____ THE DATA

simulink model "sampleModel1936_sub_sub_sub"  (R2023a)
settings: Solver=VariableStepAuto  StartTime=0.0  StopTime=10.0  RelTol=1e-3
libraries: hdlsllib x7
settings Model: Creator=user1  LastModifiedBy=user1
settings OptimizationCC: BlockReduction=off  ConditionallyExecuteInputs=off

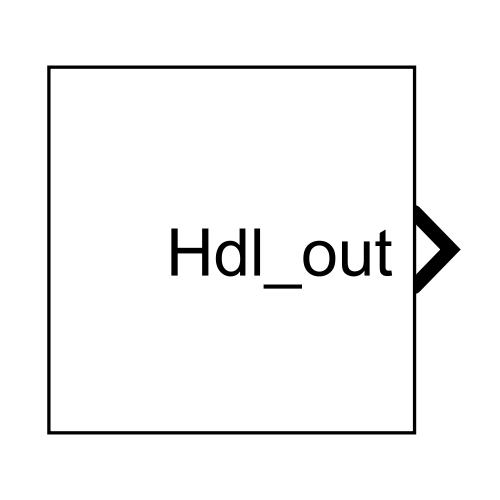
[thumbnail: Simulink's stored preview of the top-level diagram]
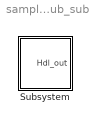
== system sampleModel1936_sub_sub_sub ==
  Subsystem : Subsystem

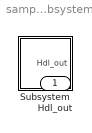
== system sampleModel1936_sub_sub_sub/Subsystem ==
  Subsystem : Subsystem
  Hdl_out : Outport  OutDataTypeStr=uint8

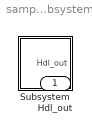
== system sampleModel1936_sub_sub_sub/Subsystem/Subsystem ==
  Subsystem : Subsystem
  Hdl_out : Outport  OutDataTypeStr=uint8

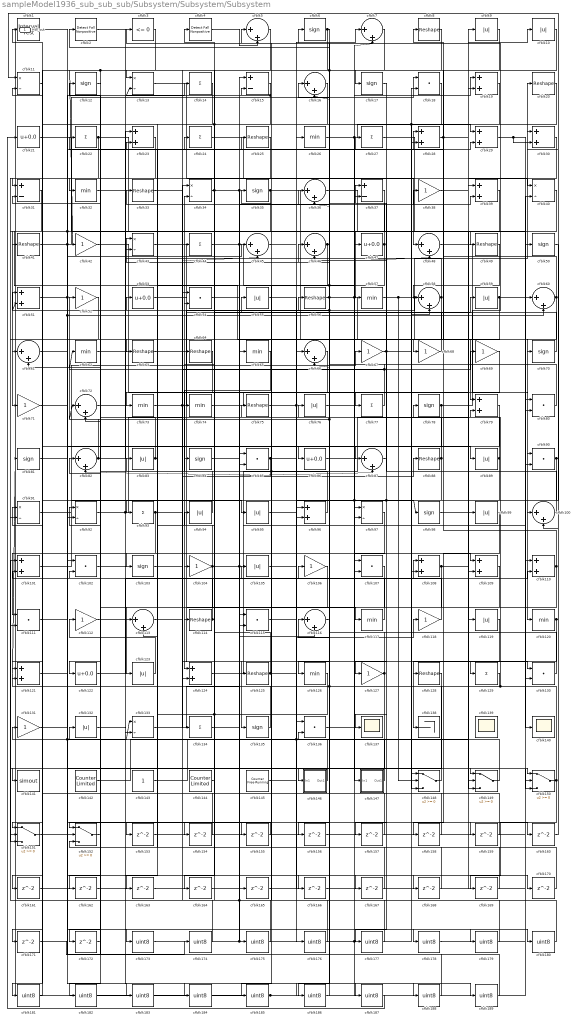
== system sampleModel1936_sub_sub_sub/Subsystem/Subsystem/Subsystem ==
  cfblk1 : hdlsllib/Logic and Bit Operations/Interval Test  IntervalClosedRight=on  uplimit=0.5  IntervalClosedLeft=on  lowlimit=-0.5  OutDataTypeStr=uint8
  cfblk{9..10,55,59,76,83,89,94..95,99,105,119,123,132} (14 alike) : Abs  OutDataTypeStr=uint8  SaturateOnIntegerOverflow=off
  cfblk{5,7,16,36,45..46,48,58,60..61,66,72,82,87,100,113,116} (17 alike) : Sum  Inputs=|++  OutDataTypeStr=uint8
  cfblk{19,23,28..30,39,51,79,96,101,108..110,121,124} (15 alike) : Sum  OutDataTypeStr=uint8
  cfblk{18,54,80,85,90,102,107,111,115,130,136} (11 alike) : DotProduct  OutDataTypeStr=uint8
  cfblk{6,12,17,35,50,70,78,81,84,98,103,135} (12 alike) : Signum
  cfblk{38,42,52,67..69,71,104,106,112,118,127,131} (13 alike) : Gain  OutDataTypeStr=uint8
  cfblk{11,13,34,40,43,91..92,97,133} (9 alike) : Product  Inputs=*/  OutDataTypeStr=uint8  RndMeth=Zero  SaturateOnIntegerOverflow=on
  cfblk{8,20,25,33,41,49,56,63..64,75,88,114,125,128} (14 alike) : Reshape
  cfblk{26,32,57,62,65,73..74,117,120,126} (10 alike) : MinMax  OutDataTypeStr=uint8
  cfblk{21,47,53,86,122} (5 alike) : Bias  Bias=0.0  SaturateOnIntegerOverflow=off
  cfblk{14,22,24,27,44,77,93,129,134} (9 alike) : Sum  Inputs=+  OutDataTypeStr=uint8
  cfblk137 : Scope
  cfblk138 : Terminator
  cfblk139 : Scope
      settings: Floating=on
  cfblk140 : Scope
  cfblk141 : ToWorkspace  VariableName=simout  SaveFormat=Timeseries  SampleTime=-1
  cfblk142 : hdlsllib/Sources/Counter Limited  uplimit=7  tsamp=-1
  cfblk143 : Constant  OutDataTypeStr=uint8  SampleTime=-1
  cfblk144 : hdlsllib/Sources/Counter Limited  uplimit=7  tsamp=-1
  cfblk145 : hdlsllib/Sources/Counter Free-Running  NumBits=16  tsamp=-1
  cfblk146 : Subsystem
      settings: LibrarySourceBlock=|
      | hdlsllib/Ports &
      | Subsystems/Subsystem
  cfblk147 : Subsystem
      settings: LibrarySourceBlock=|
      | hdlsllib/Ports &
      | Subsystems/Subsystem
  cfblk{148..152} (5 alike) : Switch  OutDataTypeStr=uint8  SaturateOnIntegerOverflow=off  InputSameDT=off
  cfblk15 : Sum  Inputs=+-  OutDataTypeStr=uint8
  cfblk{153..172} (20 alike) : Delay  SampleTime=1
  cfblk{173..189} (17 alike) : DataTypeConversion  OutDataTypeStr=uint8  SaturateOnIntegerOverflow=off  RndMeth=Floor
  cfblk2 : hdlsllib/Logic and Bit Operations/Detect Fall Nonpositive  vinit=0  OutDataTypeStr=uint8
  cfblk3 : hdlsllib/Logic and Bit Operations/Compare To Zero  relop=<=  OutDataTypeStr=uint8
  cfblk31 : Sum  Inputs=+-  OutDataTypeStr=uint8
  cfblk37 : Sum  Inputs=+-  OutDataTypeStr=uint8
  cfblk4 : hdlsllib/Logic and Bit Operations/Detect Fall Nonpositive  vinit=0  OutDataTypeStr=uint8
  Hdl_out : Outport  OutDataTypeStr=uint8
  wires:
  cfblk58/1 -> cfblk151/2, cfblk43/1
  cfblk74/1 -> cfblk77/1
  cfblk49/1 -> cfblk55/1
  cfblk78/1 -> cfblk141/1, cfblk6/1
  cfblk150/1 -> cfblk169/1, cfblk79/2, cfblk36/1, cfblk81/1
  cfblk65/1 -> cfblk124/1
  cfblk82/1 -> cfblk25/1, cfblk52/1
  cfblk97/1 -> cfblk103/1
  cfblk41/1 -> cfblk150/1, cfblk18/1
  cfblk31/1 -> cfblk79/1
  cfblk3/1 -> cfblk32/1, cfblk42/1
  cfblk101/1 -> cfblk67/1
  cfblk53/1 -> cfblk135/1
  cfblk88/1 -> cfblk171/1, cfblk53/1
  cfblk108/1 -> cfblk150/2, cfblk123/1
  cfblk70/1 -> cfblk4/1
  cfblk130/1 -> cfblk72/1, cfblk51/2, cfblk36/2
  cfblk7/1 -> cfblk124/2
  cfblk13/1 -> cfblk97/1
  cfblk48/1 -> cfblk120/1
  cfblk9/1 -> cfblk68/1
  cfblk94/1 -> cfblk34/2
  cfblk93/1 -> cfblk88/1, cfblk111/1
  cfblk43/1 -> cfblk117/1
  cfblk5/1 -> cfblk121/1
  cfblk118/1 -> cfblk35/1
  cfblk63/1 -> cfblk59/1
  cfblk125/1 -> cfblk118/1, cfblk24/1
  cfblk26/1 -> cfblk48/2, cfblk29/1
  cfblk33/1 -> cfblk89/1
  cfblk126/1 -> cfblk164/1, cfblk163/1
  cfblk46/1 -> cfblk155/1, cfblk16/1
  cfblk35/1 -> cfblk148/1, cfblk111/2, cfblk92/2
  cfblk51/1 -> cfblk159/1, cfblk14/1
  cfblk83/1 -> cfblk31/2, cfblk113/1
  cfblk56/1 -> cfblk16/2, cfblk7/2, cfblk90/1
  cfblk22/1 -> cfblk91/2, cfblk57/1
  cfblk15/1 -> cfblk181/1, cfblk13/2
  cfblk64/1 -> cfblk73/1
  cfblk40/1 -> cfblk71/1
  cfblk96/1 -> cfblk61/2, cfblk15/2
  cfblk131/1 -> cfblk180/1
  cfblk76/1 -> cfblk109/1
  cfblk129/1 -> cfblk121/2
  cfblk6/1 -> cfblk13/1, cfblk126/1
  cfblk1/1 -> cfblk173/1
  cfblk114/1 -> cfblk12/1, cfblk84/1
  cfblk148/1 -> cfblk51/1, cfblk76/1
  cfblk8/1 -> cfblk17/1
  cfblk66/1 -> cfblk96/2
  cfblk34/1 -> cfblk154/1, cfblk87/2, cfblk29/2
  cfblk47/1 -> cfblk2/1, cfblk63/1, cfblk66/2
  cfblk68/1 -> cfblk5/1
  cfblk30/1 -> cfblk104/1
  cfblk147/1(Out1) -> cfblk136/2
  cfblk90/1 -> cfblk177/1, cfblk11/1
  cfblk80/1 -> cfblk33/1
  cfblk98/1 -> cfblk109/2
  cfblk115/1 -> cfblk108/1
  cfblk133/1 -> cfblk65/1
  cfblk24/1 -> cfblk48/1
  cfblk87/1 -> cfblk37/1
  cfblk59/1 -> cfblk87/1, cfblk60/1
  cfblk127/1 -> cfblk151/3, cfblk3/1
  cfblk73/1 -> cfblk45/2, cfblk20/1
  cfblk142/1 -> cfblk9/1
  cfblk21/1 -> cfblk110/1
  cfblk79/1 -> cfblk113/2
  cfblk62/1 -> cfblk134/1
  cfblk20/1 -> cfblk127/1
  cfblk28/1 -> cfblk58/1, cfblk10/1
  cfblk39/1 -> cfblk122/1
  cfblk89/1 -> cfblk75/1, cfblk115/2, cfblk137/1
  cfblk135/1 -> cfblk82/1
  cfblk60/1 -> cfblk70/1, cfblk22/1
  cfblk95/1 -> cfblk149/1
  cfblk110/1 -> cfblk156/1, cfblk8/1
  cfblk103/1 -> cfblk129/1
  cfblk50/1 -> cfblk100/1
  cfblk120/1 -> cfblk149/3, cfblk30/1
  cfblk117/1 -> cfblk11/2
  cfblk71/1 -> cfblk85/2
  cfblk143/1 -> cfblk28/2, cfblk26/1
  cfblk122/1 -> cfblk110/2
  cfblk119/1 -> cfblk138/1
  cfblk72/1 -> cfblk23/1
  cfblk23/1 -> cfblk152/2
  cfblk11/1 -> cfblk31/1
  cfblk151/1 -> cfblk133/1, cfblk27/1
  cfblk146/1(Out1) -> cfblk91/1
  cfblk29/1 -> cfblk30/2, cfblk140/1
  cfblk136/1 -> cfblk19/1
  cfblk45/1 -> cfblk7/1
  cfblk57/1 -> cfblk148/2, cfblk40/2, cfblk119/1
  cfblk37/1 -> cfblk146/1(In1)
  cfblk67/1 -> cfblk37/2, cfblk130/1
  cfblk144/1 -> cfblk64/1
  cfblk124/1 -> cfblk39/1
  cfblk27/1 -> cfblk99/1
  cfblk84/1 -> cfblk116/2
  cfblk123/1 -> cfblk112/1
  cfblk36/1 -> cfblk49/1
  cfblk100/1 -> cfblk46/2
  cfblk14/1 -> cfblk41/1
  cfblk19/1 -> cfblk108/2, cfblk151/1, cfblk114/1
  cfblk85/1 -> cfblk28/1, cfblk82/2
  cfblk44/1 -> cfblk39/2, cfblk147/1(In1)
  cfblk91/1 -> cfblk95/1
  cfblk99/1 -> cfblk128/1
  cfblk4/1 -> cfblk5/2
  cfblk111/1 -> cfblk60/2, cfblk45/1
  cfblk86/1 -> cfblk78/1
  cfblk75/1 -> cfblk38/1, cfblk97/2, cfblk98/1
  cfblk152/1 -> cfblk92/1
  cfblk113/1 -> cfblk69/1
  cfblk18/1 -> cfblk61/1
  cfblk92/1 -> cfblk150/3, cfblk44/1
  cfblk38/1 -> cfblk40/1
  cfblk104/1 -> cfblk133/2, cfblk83/1, cfblk148/3, cfblk50/1
  cfblk77/1 -> cfblk43/2, cfblk62/1
  cfblk10/1 -> cfblk74/1, cfblk86/1
  cfblk116/1 -> cfblk56/1
  cfblk42/1 -> cfblk149/2
  cfblk16/1 -> cfblk93/1
  cfblk149/1 -> cfblk132/1
  cfblk69/1 -> cfblk153/1
  cfblk153/1 -> cfblk90/2
  cfblk154/1 -> cfblk101/2
  cfblk155/1 -> cfblk152/1
  cfblk156/1 -> cfblk46/1
  cfblk17/1 -> cfblk157/1
  cfblk157/1 -> cfblk34/1
  cfblk109/1 -> cfblk158/1
  cfblk158/1 -> cfblk15/1
  cfblk159/1 -> cfblk136/1
  cfblk121/1 -> cfblk160/1
  cfblk160/1 -> cfblk100/2
  cfblk52/1 -> cfblk161/1
  cfblk161/1 -> cfblk85/1
  cfblk25/1 -> cfblk162/1
  cfblk163/1 -> cfblk66/1
  cfblk164/1 -> cfblk130/2
  cfblk134/1 -> cfblk165/1
  cfblk165/1 -> cfblk19/2
  cfblk112/1 -> cfblk166/1
  cfblk166/1 -> cfblk18/2
  cfblk81/1 -> cfblk167/1
  cfblk167/1 -> cfblk152/3
  cfblk55/1 -> cfblk168/1
  cfblk168/1 -> cfblk116/1
  cfblk169/1 -> cfblk23/2
  cfblk132/1 -> cfblk170/1
  cfblk170/1 -> cfblk96/1
  cfblk12/1 -> cfblk172/1
  cfblk172/1 -> cfblk72/2
  cfblk173/1 -> cfblk125/1, cfblk47/1, cfblk58/2
  cfblk171/1 -> cfblk174/1
  cfblk174/1 -> cfblk1/1
  cfblk54/1 -> cfblk175/1
  cfblk175/1 -> cfblk94/1
  cfblk145/1 -> cfblk176/1
  cfblk176/1 -> cfblk54/1
  cfblk177/1 -> cfblk54/2
  cfblk105/1 -> cfblk178/1
  cfblk178/1 -> cfblk80/2
  cfblk32/1 -> cfblk179/1
  cfblk179/1 -> cfblk105/1
  cfblk180/1 -> cfblk101/1, cfblk115/1
  cfblk181/1 -> cfblk131/1
  cfblk107/1 -> cfblk182/1
  cfblk182/1 -> cfblk80/1
  cfblk61/1 -> cfblk183/1
  cfblk183/1 -> cfblk107/1
  cfblk162/1 -> cfblk184/1
  cfblk184/1 -> cfblk107/2
  cfblk106/1 -> cfblk185/1
  cfblk128/1 -> cfblk186/1
  cfblk186/1 -> cfblk106/1
  cfblk102/1 -> cfblk187/1
  cfblk187/1 -> cfblk21/1
  cfblk185/1 -> Hdl_out/1, cfblk188/1
  cfblk188/1 -> cfblk102/1
  cfblk2/1 -> cfblk189/1
  cfblk189/1 -> cfblk102/2

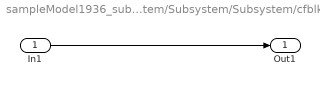
== system sampleModel1936_sub_sub_sub/Subsystem/Subsystem/Subsystem/cfblk146 ==
  In1 : Inport
  Out1 : Outport
  wires:
  In1/1 -> Out1/1

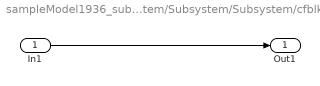
== system sampleModel1936_sub_sub_sub/Subsystem/Subsystem/Subsystem/cfblk147 ==
  In1 : Inport
  Out1 : Outport
  wires:
  In1/1 -> Out1/1

________

**YOUR OBJECTIVE:** Please copy, exactly and with nothing else, the lines above beginning at the line that has "cfblk20/1 -> cfblk127/1" and ending with the line that has "cfblk86/1 -> cfblk78/1".

**THE COMPLETED TASK:**
  cfblk20/1 -> cfblk127/1
  cfblk28/1 -> cfblk58/1, cfblk10/1
  cfblk39/1 -> cfblk122/1
  cfblk89/1 -> cfblk75/1, cfblk115/2, cfblk137/1
  cfblk135/1 -> cfblk82/1
  cfblk60/1 -> cfblk70/1, cfblk22/1
  cfblk95/1 -> cfblk149/1
  cfblk110/1 -> cfblk156/1, cfblk8/1
  cfblk103/1 -> cfblk129/1
  cfblk50/1 -> cfblk100/1
  cfblk120/1 -> cfblk149/3, cfblk30/1
  cfblk117/1 -> cfblk11/2
  cfblk71/1 -> cfblk85/2
  cfblk143/1 -> cfblk28/2, cfblk26/1
  cfblk122/1 -> cfblk110/2
  cfblk119/1 -> cfblk138/1
  cfblk72/1 -> cfblk23/1
  cfblk23/1 -> cfblk152/2
  cfblk11/1 -> cfblk31/1
  cfblk151/1 -> cfblk133/1, cfblk27/1
  cfblk146/1(Out1) -> cfblk91/1
  cfblk29/1 -> cfblk30/2, cfblk140/1
  cfblk136/1 -> cfblk19/1
  cfblk45/1 -> cfblk7/1
  cfblk57/1 -> cfblk148/2, cfblk40/2, cfblk119/1
  cfblk37/1 -> cfblk146/1(In1)
  cfblk67/1 -> cfblk37/2, cfblk130/1
  cfblk144/1 -> cfblk64/1
  cfblk124/1 -> cfblk39/1
  cfblk27/1 -> cfblk99/1
  cfblk84/1 -> cfblk116/2
  cfblk123/1 -> cfblk112/1
  cfblk36/1 -> cfblk49/1
  cfblk100/1 -> cfblk46/2
  cfblk14/1 -> cfblk41/1
  cfblk19/1 -> cfblk108/2, cfblk151/1, cfblk114/1
  cfblk85/1 -> cfblk28/1, cfblk82/2
  cfblk44/1 -> cfblk39/2, cfblk147/1(In1)
  cfblk91/1 -> cfblk95/1
  cfblk99/1 -> cfblk128/1
  cfblk4/1 -> cfblk5/2
  cfblk111/1 -> cfblk60/2, cfblk45/1
  cfblk86/1 -> cfblk78/1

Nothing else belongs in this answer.